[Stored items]
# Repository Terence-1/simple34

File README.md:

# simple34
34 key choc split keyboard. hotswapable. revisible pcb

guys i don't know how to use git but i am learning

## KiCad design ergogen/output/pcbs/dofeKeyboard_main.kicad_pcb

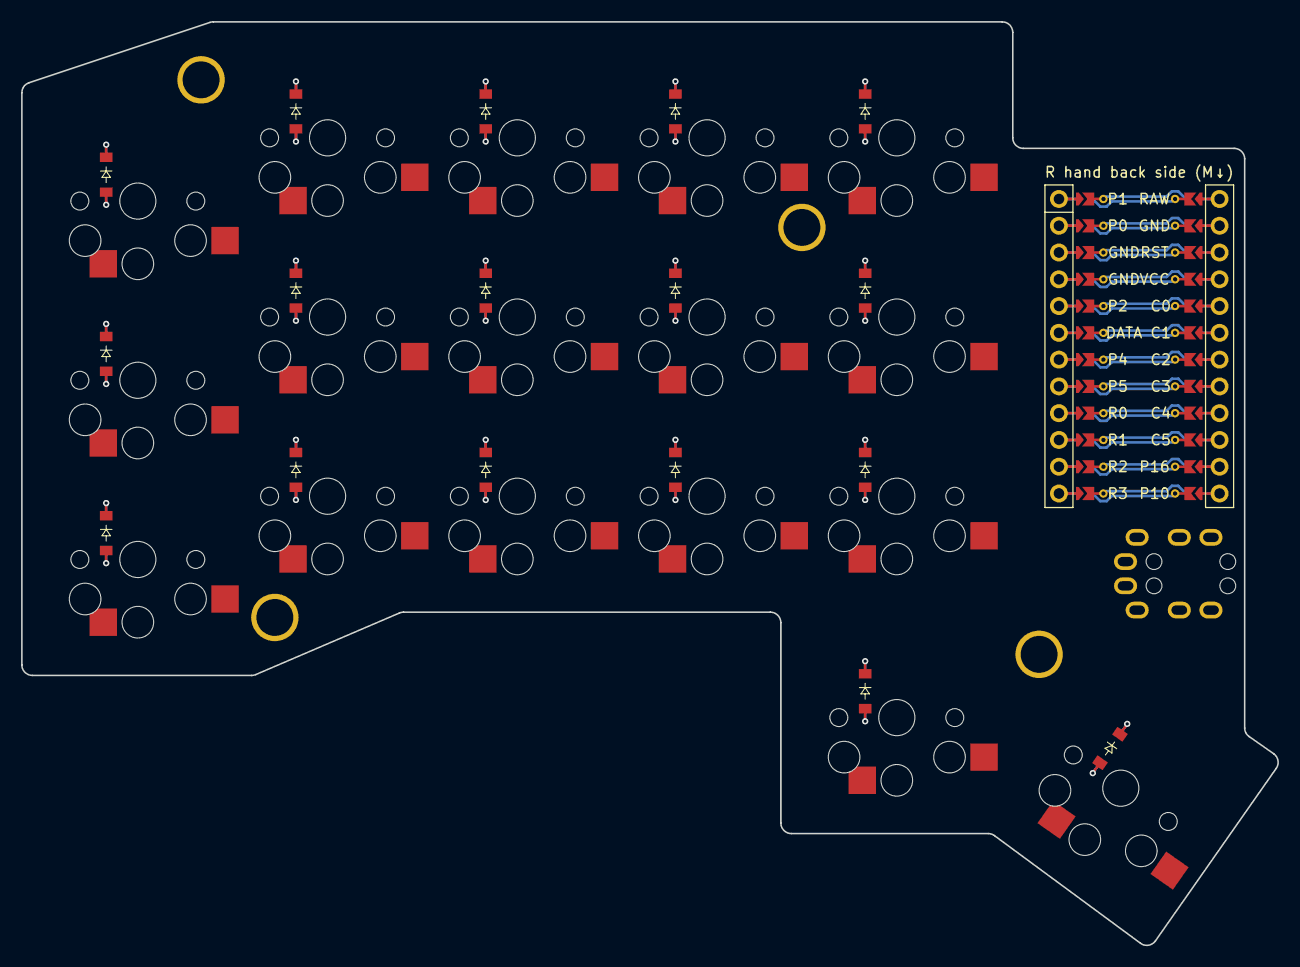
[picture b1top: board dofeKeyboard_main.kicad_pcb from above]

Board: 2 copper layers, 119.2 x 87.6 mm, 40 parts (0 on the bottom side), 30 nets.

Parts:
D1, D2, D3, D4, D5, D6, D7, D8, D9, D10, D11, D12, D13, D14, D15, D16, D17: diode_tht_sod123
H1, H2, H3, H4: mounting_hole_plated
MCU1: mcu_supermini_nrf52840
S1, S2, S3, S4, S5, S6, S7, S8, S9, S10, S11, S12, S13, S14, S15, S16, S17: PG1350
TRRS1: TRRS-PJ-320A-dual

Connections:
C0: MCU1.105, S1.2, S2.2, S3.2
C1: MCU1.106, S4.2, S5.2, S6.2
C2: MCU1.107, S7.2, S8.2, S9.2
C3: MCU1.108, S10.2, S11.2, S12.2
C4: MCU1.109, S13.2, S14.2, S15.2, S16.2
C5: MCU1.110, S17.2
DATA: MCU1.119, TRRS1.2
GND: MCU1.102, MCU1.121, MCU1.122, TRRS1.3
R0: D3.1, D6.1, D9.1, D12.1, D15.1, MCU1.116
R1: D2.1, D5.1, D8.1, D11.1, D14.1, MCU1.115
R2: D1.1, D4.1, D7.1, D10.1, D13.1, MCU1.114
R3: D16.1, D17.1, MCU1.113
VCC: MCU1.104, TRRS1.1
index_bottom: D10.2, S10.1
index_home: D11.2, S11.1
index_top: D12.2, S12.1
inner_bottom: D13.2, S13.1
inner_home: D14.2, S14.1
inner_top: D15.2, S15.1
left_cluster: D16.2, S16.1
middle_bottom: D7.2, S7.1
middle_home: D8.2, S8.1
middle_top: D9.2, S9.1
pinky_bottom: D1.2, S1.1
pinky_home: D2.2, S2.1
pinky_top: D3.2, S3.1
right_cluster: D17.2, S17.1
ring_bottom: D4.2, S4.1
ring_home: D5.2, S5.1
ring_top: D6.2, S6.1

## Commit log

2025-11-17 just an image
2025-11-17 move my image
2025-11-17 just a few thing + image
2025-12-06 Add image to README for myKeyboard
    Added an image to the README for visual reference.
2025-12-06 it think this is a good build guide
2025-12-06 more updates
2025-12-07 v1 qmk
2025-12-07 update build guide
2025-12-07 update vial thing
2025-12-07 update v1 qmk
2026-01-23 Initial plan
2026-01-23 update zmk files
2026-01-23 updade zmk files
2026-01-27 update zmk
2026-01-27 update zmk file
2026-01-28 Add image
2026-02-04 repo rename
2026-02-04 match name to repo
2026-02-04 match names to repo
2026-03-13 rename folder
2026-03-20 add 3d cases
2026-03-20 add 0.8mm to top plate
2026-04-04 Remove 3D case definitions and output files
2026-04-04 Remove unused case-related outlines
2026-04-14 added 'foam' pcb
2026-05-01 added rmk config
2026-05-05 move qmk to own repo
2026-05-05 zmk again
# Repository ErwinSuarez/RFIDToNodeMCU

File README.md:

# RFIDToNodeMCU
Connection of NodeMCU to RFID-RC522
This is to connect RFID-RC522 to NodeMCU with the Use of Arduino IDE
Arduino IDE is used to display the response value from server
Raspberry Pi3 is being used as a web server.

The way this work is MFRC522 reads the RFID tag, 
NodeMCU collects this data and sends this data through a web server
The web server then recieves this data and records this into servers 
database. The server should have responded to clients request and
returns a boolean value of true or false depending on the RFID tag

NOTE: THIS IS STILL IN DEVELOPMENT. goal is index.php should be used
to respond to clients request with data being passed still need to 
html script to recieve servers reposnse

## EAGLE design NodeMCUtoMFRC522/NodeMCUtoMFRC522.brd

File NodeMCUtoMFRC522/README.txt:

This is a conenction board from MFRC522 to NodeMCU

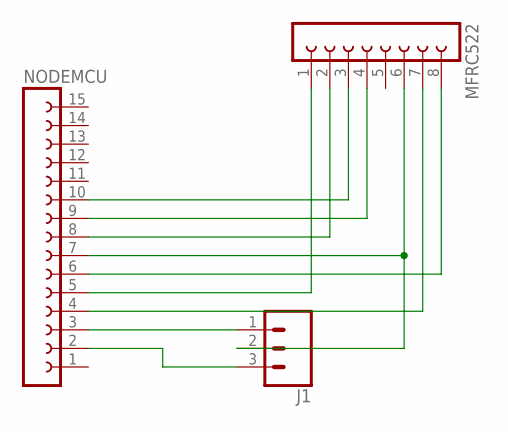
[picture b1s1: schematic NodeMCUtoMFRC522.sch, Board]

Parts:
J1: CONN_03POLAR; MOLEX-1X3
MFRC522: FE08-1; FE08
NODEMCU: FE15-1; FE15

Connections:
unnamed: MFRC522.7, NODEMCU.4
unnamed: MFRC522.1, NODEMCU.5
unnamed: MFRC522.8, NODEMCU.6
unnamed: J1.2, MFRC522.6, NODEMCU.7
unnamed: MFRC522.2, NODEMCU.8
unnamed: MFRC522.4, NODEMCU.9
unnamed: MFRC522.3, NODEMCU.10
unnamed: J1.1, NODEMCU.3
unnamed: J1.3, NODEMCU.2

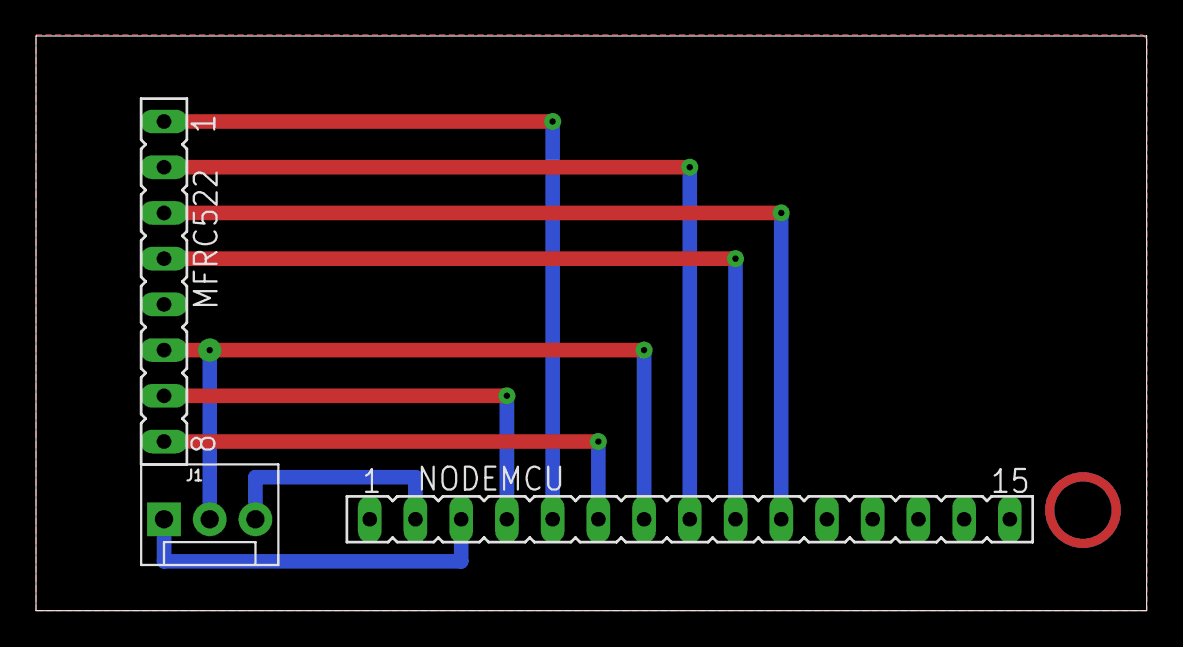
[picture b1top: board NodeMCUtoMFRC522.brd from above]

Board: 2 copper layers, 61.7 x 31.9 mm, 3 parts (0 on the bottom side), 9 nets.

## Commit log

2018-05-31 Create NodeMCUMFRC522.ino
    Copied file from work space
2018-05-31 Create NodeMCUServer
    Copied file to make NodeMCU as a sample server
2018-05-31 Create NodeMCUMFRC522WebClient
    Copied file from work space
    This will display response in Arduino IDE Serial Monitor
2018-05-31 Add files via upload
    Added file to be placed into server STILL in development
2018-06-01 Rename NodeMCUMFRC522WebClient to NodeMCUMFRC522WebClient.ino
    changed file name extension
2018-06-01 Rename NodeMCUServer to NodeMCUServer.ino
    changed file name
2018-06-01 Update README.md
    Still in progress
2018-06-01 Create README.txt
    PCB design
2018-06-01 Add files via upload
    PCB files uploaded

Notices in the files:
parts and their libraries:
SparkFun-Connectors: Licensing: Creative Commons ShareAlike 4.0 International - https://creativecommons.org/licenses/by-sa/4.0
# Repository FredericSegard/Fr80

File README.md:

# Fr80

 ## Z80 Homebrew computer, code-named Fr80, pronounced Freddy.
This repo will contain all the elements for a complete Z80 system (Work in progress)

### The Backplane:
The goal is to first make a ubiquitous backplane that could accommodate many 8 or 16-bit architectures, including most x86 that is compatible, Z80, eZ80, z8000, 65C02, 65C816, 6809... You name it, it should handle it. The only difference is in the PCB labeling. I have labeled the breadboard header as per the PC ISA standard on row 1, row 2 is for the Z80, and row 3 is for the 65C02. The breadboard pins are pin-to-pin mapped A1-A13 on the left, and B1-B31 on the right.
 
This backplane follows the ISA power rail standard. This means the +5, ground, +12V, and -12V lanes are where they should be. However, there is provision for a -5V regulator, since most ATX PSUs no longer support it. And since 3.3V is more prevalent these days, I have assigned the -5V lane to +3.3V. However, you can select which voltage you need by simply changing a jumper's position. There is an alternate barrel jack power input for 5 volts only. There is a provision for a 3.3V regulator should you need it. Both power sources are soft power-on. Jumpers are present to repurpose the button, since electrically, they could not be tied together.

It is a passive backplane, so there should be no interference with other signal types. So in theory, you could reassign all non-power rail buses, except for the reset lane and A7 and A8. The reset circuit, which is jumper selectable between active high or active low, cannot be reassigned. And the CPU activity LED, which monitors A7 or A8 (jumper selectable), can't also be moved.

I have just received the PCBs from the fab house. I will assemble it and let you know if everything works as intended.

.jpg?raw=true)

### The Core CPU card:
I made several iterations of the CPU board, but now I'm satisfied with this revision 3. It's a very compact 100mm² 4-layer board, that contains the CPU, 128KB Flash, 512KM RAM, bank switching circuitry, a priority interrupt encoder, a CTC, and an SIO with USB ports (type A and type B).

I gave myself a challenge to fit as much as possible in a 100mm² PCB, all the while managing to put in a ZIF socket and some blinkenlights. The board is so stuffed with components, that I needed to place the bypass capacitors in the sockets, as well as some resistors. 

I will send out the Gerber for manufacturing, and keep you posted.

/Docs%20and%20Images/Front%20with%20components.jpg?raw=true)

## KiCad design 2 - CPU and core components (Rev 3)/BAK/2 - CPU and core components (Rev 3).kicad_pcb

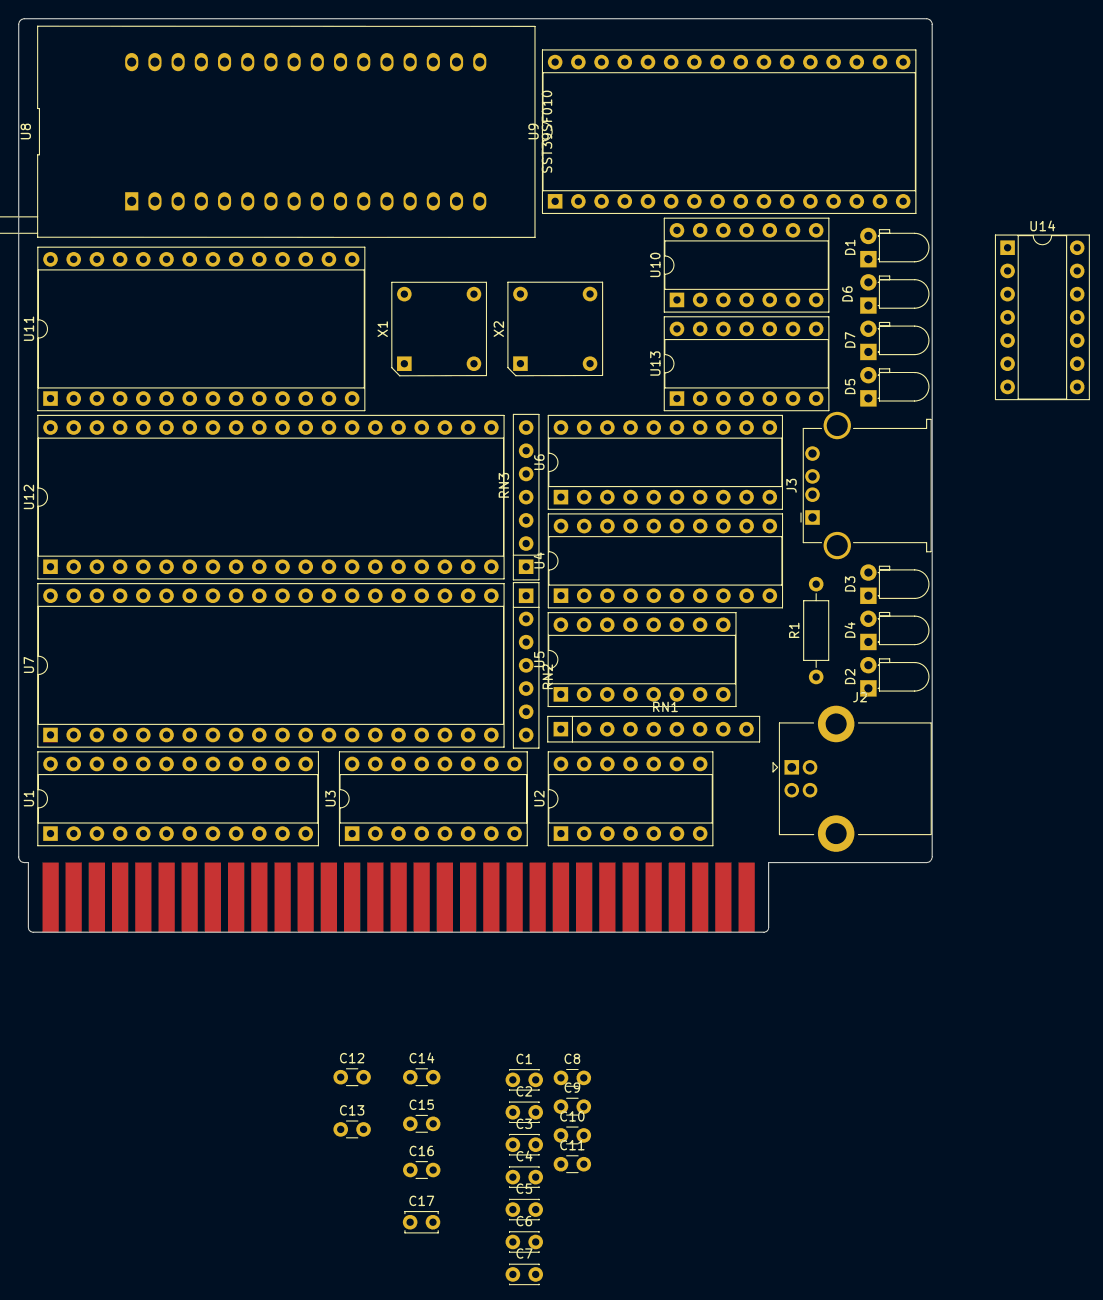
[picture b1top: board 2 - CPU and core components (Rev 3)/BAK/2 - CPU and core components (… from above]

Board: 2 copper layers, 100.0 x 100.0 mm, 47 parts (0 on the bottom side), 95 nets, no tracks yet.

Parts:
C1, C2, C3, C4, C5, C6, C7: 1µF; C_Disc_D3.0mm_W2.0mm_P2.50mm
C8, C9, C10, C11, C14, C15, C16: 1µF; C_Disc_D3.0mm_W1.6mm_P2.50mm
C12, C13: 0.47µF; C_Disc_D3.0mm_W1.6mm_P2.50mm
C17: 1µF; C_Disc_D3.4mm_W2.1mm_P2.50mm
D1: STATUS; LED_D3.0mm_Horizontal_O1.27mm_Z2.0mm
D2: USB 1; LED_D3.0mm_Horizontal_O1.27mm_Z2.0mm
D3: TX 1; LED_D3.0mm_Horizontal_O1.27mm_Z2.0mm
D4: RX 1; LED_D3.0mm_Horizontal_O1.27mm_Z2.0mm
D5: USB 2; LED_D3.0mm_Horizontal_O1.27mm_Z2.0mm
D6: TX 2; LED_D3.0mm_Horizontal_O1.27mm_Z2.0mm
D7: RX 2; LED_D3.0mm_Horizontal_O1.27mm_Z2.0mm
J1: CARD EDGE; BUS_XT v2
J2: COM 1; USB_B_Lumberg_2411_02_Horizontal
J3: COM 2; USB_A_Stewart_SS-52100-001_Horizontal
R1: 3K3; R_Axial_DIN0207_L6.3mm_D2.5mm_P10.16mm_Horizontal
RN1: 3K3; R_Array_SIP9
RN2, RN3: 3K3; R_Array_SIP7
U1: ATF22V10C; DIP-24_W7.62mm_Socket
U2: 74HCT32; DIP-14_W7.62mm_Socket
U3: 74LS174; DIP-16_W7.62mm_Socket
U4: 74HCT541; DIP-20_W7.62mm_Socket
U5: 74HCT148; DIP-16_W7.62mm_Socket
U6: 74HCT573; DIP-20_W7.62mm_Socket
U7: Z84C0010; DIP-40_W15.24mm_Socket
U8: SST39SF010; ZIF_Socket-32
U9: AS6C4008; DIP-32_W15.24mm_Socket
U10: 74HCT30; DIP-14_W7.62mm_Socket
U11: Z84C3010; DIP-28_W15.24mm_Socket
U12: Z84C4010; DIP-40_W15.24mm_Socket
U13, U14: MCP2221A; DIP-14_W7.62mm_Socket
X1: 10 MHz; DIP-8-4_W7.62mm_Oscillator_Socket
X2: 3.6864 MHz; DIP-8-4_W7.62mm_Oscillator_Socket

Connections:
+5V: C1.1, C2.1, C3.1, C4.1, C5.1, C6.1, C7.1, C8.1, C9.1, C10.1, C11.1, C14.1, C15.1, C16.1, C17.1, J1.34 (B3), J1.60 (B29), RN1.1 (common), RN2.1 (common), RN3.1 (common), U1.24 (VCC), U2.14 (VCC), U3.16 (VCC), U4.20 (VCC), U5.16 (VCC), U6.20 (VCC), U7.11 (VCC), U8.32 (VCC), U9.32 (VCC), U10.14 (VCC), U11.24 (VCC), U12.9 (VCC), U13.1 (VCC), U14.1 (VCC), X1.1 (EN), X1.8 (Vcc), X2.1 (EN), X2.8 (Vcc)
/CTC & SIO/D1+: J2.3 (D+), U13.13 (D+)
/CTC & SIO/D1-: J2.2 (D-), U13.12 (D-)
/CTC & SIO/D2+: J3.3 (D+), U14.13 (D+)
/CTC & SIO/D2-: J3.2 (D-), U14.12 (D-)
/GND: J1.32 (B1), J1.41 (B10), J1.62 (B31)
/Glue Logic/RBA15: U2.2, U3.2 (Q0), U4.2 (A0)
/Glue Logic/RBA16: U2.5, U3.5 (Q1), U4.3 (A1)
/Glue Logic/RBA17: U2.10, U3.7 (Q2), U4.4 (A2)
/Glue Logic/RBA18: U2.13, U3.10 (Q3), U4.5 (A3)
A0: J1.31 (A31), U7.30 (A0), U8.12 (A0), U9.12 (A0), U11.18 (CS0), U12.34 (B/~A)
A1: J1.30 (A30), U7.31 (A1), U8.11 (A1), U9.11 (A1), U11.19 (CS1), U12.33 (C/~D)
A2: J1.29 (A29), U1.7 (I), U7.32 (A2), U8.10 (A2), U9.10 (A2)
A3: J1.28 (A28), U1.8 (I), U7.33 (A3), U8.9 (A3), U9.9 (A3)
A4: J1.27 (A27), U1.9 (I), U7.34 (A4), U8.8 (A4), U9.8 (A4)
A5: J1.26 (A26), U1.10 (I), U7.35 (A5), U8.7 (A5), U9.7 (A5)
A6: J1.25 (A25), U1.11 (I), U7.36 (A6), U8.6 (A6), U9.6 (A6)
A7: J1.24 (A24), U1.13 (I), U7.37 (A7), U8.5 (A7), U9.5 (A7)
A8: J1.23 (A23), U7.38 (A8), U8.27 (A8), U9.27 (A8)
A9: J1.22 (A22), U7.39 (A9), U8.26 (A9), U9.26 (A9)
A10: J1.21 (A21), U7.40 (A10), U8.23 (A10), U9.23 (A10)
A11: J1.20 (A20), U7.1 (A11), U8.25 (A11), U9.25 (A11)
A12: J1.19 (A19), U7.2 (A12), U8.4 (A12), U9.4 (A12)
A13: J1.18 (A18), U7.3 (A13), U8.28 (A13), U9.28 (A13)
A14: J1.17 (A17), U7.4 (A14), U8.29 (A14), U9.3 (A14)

[The problem] Print only these lines, exactly: the one containing "U12: Z84C4010; DIP-40_W15.24mm_Socket" and all after it to the end of the entries.

[Response box]
U12: Z84C4010; DIP-40_W15.24mm_Socket
U13, U14: MCP2221A; DIP-14_W7.62mm_Socket
X1: 10 MHz; DIP-8-4_W7.62mm_Oscillator_Socket
X2: 3.6864 MHz; DIP-8-4_W7.62mm_Oscillator_Socket

Connections:
+5V: C1.1, C2.1, C3.1, C4.1, C5.1, C6.1, C7.1, C8.1, C9.1, C10.1, C11.1, C14.1, C15.1, C16.1, C17.1, J1.34 (B3), J1.60 (B29), RN1.1 (common), RN2.1 (common), RN3.1 (common), U1.24 (VCC), U2.14 (VCC), U3.16 (VCC), U4.20 (VCC), U5.16 (VCC), U6.20 (VCC), U7.11 (VCC), U8.32 (VCC), U9.32 (VCC), U10.14 (VCC), U11.24 (VCC), U12.9 (VCC), U13.1 (VCC), U14.1 (VCC), X1.1 (EN), X1.8 (Vcc), X2.1 (EN), X2.8 (Vcc)
/CTC & SIO/D1+: J2.3 (D+), U13.13 (D+)
/CTC & SIO/D1-: J2.2 (D-), U13.12 (D-)
/CTC & SIO/D2+: J3.3 (D+), U14.13 (D+)
/CTC & SIO/D2-: J3.2 (D-), U14.12 (D-)
/GND: J1.32 (B1), J1.41 (B10), J1.62 (B31)
/Glue Logic/RBA15: U2.2, U3.2 (Q0), U4.2 (A0)
/Glue Logic/RBA16: U2.5, U3.5 (Q1), U4.3 (A1)
/Glue Logic/RBA17: U2.10, U3.7 (Q2), U4.4 (A2)
/Glue Logic/RBA18: U2.13, U3.10 (Q3), U4.5 (A3)
A0: J1.31 (A31), U7.30 (A0), U8.12 (A0), U9.12 (A0), U11.18 (CS0), U12.34 (B/~A)
A1: J1.30 (A30), U7.31 (A1), U8.11 (A1), U9.11 (A1), U11.19 (CS1), U12.33 (C/~D)
A2: J1.29 (A29), U1.7 (I), U7.32 (A2), U8.10 (A2), U9.10 (A2)
A3: J1.28 (A28), U1.8 (I), U7.33 (A3), U8.9 (A3), U9.9 (A3)
A4: J1.27 (A27), U1.9 (I), U7.34 (A4), U8.8 (A4), U9.8 (A4)
A5: J1.26 (A26), U1.10 (I), U7.35 (A5), U8.7 (A5), U9.7 (A5)
A6: J1.25 (A25), U1.11 (I), U7.36 (A6), U8.6 (A6), U9.6 (A6)
A7: J1.24 (A24), U1.13 (I), U7.37 (A7), U8.5 (A7), U9.5 (A7)
A8: J1.23 (A23), U7.38 (A8), U8.27 (A8), U9.27 (A8)
A9: J1.22 (A22), U7.39 (A9), U8.26 (A9), U9.26 (A9)
A10: J1.21 (A21), U7.40 (A10), U8.23 (A10), U9.23 (A10)
A11: J1.20 (A20), U7.1 (A11), U8.25 (A11), U9.25 (A11)
A12: J1.19 (A19), U7.2 (A12), U8.4 (A12), U9.4 (A12)
A13: J1.18 (A18), U7.3 (A13), U8.28 (A13), U9.28 (A13)
A14: J1.17 (A17), U7.4 (A14), U8.29 (A14), U9.3 (A14)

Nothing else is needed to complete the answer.